Early in October Dr Hodgkinson was invited to speak at an invitation-only meeting in Vienna where scientists and policy makers were hosted by the Food and Agriculture Organization of the United Nations (FAO) and scientific research materials provider the International Atomic Energy Agency (IAEA). She also moderated two working groups and chaired the entire second day of the four-day meeting.
The technical meeting centred on the current human nutritional guidelines on protein requirements and the work towards turning new findings about the protein quality of different foods into a public database.
“It is a big deal for New Zealand and the Riddet Institute that we are involved,” Dr Hodgkinson says.
Her work at the Riddet Institute centres around a new methodology called Digestible Indispensable Amino Acid Score (DIAAS). This methodology was the focus of her presentation to the FAO and IAEA meeting.

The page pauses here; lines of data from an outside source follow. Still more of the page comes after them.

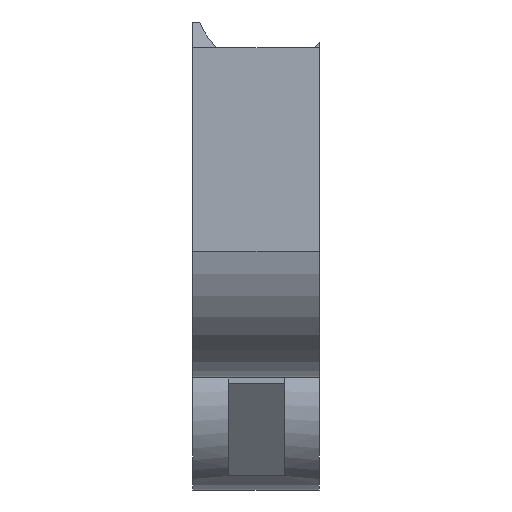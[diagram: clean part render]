
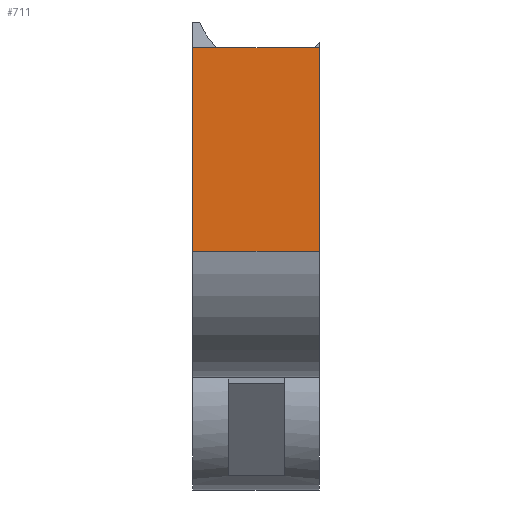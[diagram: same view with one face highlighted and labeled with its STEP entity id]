
A CAD part, left-side view. The second image highlights one B-rep face of the part: STEP entity #711.
In plain terms, the highlighted planar face has unit normal (-1, 0, 0).
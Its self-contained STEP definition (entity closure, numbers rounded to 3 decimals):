
#10 = ORIENTED_EDGE ( 'NONE', *, *, #264, .T. ) ;
#47 = CARTESIAN_POINT ( 'NONE',  ( -142.125, 29.15, -5.93 ) ) ;
#59 = CARTESIAN_POINT ( 'NONE',  ( -142.125, 28.1, -25.1 ) ) ;
#65 = VERTEX_POINT ( 'NONE', #1344 ) ;
#77 = LINE ( 'NONE', #699, #781 ) ;
#85 = EDGE_LOOP ( 'NONE', ( #1022, #96, #10, #917 ) ) ;
#96 = ORIENTED_EDGE ( 'NONE', *, *, #1168, .T. ) ;
#129 = DIRECTION ( 'NONE',  ( 0., 0., 1. ) ) ;
#238 = VERTEX_POINT ( 'NONE', #287 ) ;
#264 = EDGE_CURVE ( 'NONE', #1249, #665, #77, .T. ) ;
#280 = LINE ( 'NONE', #1092, #1349 ) ;
#287 = CARTESIAN_POINT ( 'NONE',  ( -142.125, 20.1, -20.44 ) ) ;
#300 = VECTOR ( 'NONE', #129, 1000. ) ;
#311 = AXIS2_PLACEMENT_3D ( 'NONE', #59, #602, #803 ) ;
#375 = VECTOR ( 'NONE', #649, 1000. ) ;
#385 = PLANE ( 'NONE',  #311 ) ;
#416 = LINE ( 'NONE', #1270, #375 ) ;
#602 = DIRECTION ( 'NONE',  ( 1., 0., 0. ) ) ;
#649 = DIRECTION ( 'NONE',  ( 0., 1., 0. ) ) ;
#665 = VERTEX_POINT ( 'NONE', #47 ) ;
#699 = CARTESIAN_POINT ( 'NONE',  ( -142.125, 28.1, -5.93 ) ) ;
#711 = ADVANCED_FACE ( 'NONE', ( #1110 ), #385, .F. ) ;
#756 = CARTESIAN_POINT ( 'NONE',  ( -142.125, 20.1, -29.669 ) ) ;
#781 = VECTOR ( 'NONE', #1122, 1000. ) ;
#803 = DIRECTION ( 'NONE',  ( 0., 0., 1. ) ) ;
#880 = LINE ( 'NONE', #756, #300 ) ;
#917 = ORIENTED_EDGE ( 'NONE', *, *, #1015, .F. ) ;
#976 = EDGE_CURVE ( 'NONE', #238, #65, #416, .T. ) ;
#983 = CARTESIAN_POINT ( 'NONE',  ( -142.125, 20.1, -5.93 ) ) ;
#1015 = EDGE_CURVE ( 'NONE', #65, #665, #280, .T. ) ;
#1022 = ORIENTED_EDGE ( 'NONE', *, *, #976, .F. ) ;
#1092 = CARTESIAN_POINT ( 'NONE',  ( -142.125, 29.15, -12.459 ) ) ;
#1110 = FACE_OUTER_BOUND ( 'NONE', #85, .T. ) ;
#1122 = DIRECTION ( 'NONE',  ( 0., 1., 0. ) ) ;
#1168 = EDGE_CURVE ( 'NONE', #238, #1249, #880, .T. ) ;
#1198 = DIRECTION ( 'NONE',  ( 0., 0., 1. ) ) ;
#1249 = VERTEX_POINT ( 'NONE', #983 ) ;
#1270 = CARTESIAN_POINT ( 'NONE',  ( -142.125, 29.15, -20.44 ) ) ;
#1344 = CARTESIAN_POINT ( 'NONE',  ( -142.125, 29.15, -20.44 ) ) ;
#1349 = VECTOR ( 'NONE', #1198, 1000. ) ;

Currently there is not enough information on how much protein, and the protein building blocks known as amino acids, is in different foods and how these are absorbed by the body. The work is looking at how much of each amino acid is available to the body when different foods are consumed.
Dr Hodgkinson says DIAAS is the best method currently available to evaluate protein quality. The new knowledge will lead to formulating food and diets that will maintain health, particularly in developing countries.
Dr Hodgkinson’s work on the DIAAS methodology is part of a three-year international collaboration of protein researchers called Proteos, with the research being coordinated by the Riddet Institute in New Zealand. The collaboration means research methods can be assessed in different laboratories around the world to make sure results are consistent and valid.
Eventually a database will be formed showing the protein component and quality of more than 100 foods.
She says a turning point has been attracting funding from a consortium of international food companies, coordinated by the Global Dairy Platform.
This has provided the means to research alternate food sources that might be more accessible for vulnerable populations. One of these has been the African plant amaranth, an ancient grain found to be high in protein and minerals. Other foods that are commonly consumed in developing countries have also been included, such as millet, cassava, rice and sorghum.
“In the past, foods were only evaluated if there was a commercial reason to do so,” Dr Hodgkinson says.
She says the consortium is motivated by altruistic reasons for doing the research, but some alternate protein sources may end up having commercial use as well.
“The companies are very much in agreement that this knowledge is needed, and they are willing to put the money into the research.”
Dr Hodgkinson says being involved in an international project like this is hugely beneficial for New Zealand research, as it helps validate and combine research efforts.
“It makes our projects more impactful, and it allows us to do things we couldn’t do ourselves. Working with other people that you know are top in the field also confirms that you are going in the right direction.”
Such events also put policy makers and scientists together in one room.
“It’s really good with these kinds of meeting, getting together with policy makers and the scientists. It is plugging the gap.”
Dr Hodgkinson is now part of a committee working towards putting together the protein database on protein quality. The FAO will manage the database. A booklet and policy guidance document will also be produced.